Хотя поначалу я доволен своими действиями, внезапно меня потрясает печальная безнадежность: как просто и бессмысленно можно отнять жизнь у ребенка. У маленького, скрюченного, окровавленного существа, лежащего передо мной, не было никакой истории, никакого достойного прошлого, практически ничего не утрачено. Гораздо хуже (и приятнее) отнять жизнь у человека, достигшего расцвета, у которого есть семья, друзья, карьера, прошлое, — его смерть огорчит гораздо больше людей, способных на безграничное горе, чем смерть ребенка; возможно, смерть такого человека разрушит больше жизней, чем бессмысленная, жалкая смерть этого мальчика.

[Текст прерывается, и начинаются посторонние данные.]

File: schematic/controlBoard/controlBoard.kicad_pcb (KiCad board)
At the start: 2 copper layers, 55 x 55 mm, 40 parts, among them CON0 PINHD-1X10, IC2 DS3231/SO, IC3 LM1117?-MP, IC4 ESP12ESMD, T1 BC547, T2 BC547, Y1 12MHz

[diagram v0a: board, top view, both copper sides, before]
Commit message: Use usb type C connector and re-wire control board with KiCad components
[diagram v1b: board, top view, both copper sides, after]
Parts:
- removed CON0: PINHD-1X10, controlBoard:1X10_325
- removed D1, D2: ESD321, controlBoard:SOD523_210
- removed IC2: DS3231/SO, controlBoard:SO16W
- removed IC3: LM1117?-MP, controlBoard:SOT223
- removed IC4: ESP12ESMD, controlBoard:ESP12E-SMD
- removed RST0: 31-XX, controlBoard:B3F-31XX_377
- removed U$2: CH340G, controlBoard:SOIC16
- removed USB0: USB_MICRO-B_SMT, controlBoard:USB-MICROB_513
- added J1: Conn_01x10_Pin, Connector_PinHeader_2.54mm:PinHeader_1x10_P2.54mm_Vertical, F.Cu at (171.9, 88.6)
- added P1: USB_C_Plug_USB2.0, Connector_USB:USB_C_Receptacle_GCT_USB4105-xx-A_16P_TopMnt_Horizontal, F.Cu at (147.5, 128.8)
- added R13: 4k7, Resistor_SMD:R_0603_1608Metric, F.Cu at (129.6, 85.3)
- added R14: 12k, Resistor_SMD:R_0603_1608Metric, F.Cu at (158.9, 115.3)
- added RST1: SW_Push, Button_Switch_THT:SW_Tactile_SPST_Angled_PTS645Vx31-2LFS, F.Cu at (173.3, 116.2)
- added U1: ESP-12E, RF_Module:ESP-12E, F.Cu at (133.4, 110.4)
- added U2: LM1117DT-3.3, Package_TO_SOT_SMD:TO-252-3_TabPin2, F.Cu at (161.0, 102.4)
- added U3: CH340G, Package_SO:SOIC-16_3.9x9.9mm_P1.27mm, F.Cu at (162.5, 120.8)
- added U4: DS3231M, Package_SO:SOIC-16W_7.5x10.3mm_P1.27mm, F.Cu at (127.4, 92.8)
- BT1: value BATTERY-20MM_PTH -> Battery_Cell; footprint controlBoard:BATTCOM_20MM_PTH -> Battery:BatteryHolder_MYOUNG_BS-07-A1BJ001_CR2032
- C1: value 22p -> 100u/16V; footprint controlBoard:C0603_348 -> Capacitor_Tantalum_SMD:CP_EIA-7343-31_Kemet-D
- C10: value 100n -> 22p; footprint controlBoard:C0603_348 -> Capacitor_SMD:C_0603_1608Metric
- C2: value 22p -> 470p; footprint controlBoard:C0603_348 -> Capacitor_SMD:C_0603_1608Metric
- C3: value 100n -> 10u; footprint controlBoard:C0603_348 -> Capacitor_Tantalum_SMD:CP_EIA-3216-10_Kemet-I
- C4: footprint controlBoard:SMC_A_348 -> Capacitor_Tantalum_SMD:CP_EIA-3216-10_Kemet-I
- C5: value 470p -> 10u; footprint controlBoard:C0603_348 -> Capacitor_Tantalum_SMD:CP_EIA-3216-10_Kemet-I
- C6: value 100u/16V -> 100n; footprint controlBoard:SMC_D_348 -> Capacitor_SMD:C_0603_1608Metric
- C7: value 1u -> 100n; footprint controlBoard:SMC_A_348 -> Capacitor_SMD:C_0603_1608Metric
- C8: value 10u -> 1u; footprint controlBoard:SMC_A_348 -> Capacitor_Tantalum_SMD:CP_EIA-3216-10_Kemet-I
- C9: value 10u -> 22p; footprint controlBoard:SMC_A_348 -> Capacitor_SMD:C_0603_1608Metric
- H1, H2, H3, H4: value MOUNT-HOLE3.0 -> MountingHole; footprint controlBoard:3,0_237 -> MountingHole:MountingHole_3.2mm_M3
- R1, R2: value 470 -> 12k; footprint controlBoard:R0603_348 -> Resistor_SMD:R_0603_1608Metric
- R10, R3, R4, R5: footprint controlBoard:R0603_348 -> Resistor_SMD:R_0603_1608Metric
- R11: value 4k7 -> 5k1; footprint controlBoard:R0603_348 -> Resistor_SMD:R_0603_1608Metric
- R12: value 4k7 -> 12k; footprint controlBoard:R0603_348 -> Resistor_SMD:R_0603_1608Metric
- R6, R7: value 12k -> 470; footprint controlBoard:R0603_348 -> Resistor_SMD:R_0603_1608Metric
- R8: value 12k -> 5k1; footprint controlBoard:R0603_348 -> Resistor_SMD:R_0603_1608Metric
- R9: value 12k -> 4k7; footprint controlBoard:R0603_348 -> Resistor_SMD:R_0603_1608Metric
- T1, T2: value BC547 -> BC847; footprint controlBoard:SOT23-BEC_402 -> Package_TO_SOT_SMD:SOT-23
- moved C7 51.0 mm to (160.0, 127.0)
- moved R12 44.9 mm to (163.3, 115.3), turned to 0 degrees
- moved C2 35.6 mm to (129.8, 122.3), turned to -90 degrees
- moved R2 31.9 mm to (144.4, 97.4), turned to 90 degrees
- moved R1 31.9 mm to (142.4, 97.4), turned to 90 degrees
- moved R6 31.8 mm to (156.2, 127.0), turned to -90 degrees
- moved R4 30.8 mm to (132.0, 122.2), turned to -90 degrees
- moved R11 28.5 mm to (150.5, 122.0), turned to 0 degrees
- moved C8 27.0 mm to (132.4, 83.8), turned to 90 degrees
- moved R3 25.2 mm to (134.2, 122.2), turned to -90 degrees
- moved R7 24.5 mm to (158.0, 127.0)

... а потом кто-то спрашивает, ни с того, ни с сего: “Но почему?”, — и хотя я очень горжусь тем, что мне удается сохранять хладнокровие, и не дергаться, и соответствовать тому, что окружающие думают обо мне, я слышу вопрос и машинально его осмысливаю: “Почему?” – и машинально же отвечаю, от фонаря, безо всякой причины, я открываю рот, и слова текут сами собой, такой вот итог для идиотов:
— Ну, хотя я знаю, что должен был сделать это, и зря я этого не сделал, но мне уже двадцать семь, а это…жизнь, какой она кажется в барах и клубах Нью-Йорка, а может быть, и не только Нью-Йорка, а вообще, везде, в конце нашего века… и так, как мне кажется, ведут себя люди… это и значит – быть собой, быть Патриком, так что… в общем…
Я умолкаю, вздыхаю, слегка пожимаю плечами, и снова вздыхаю, а над одной из дверей, занавешенной красной бархатной шторкой, висит табличка, на которой написано красными буквами в тон занавеске: ЭТО НЕ ВЫХОД.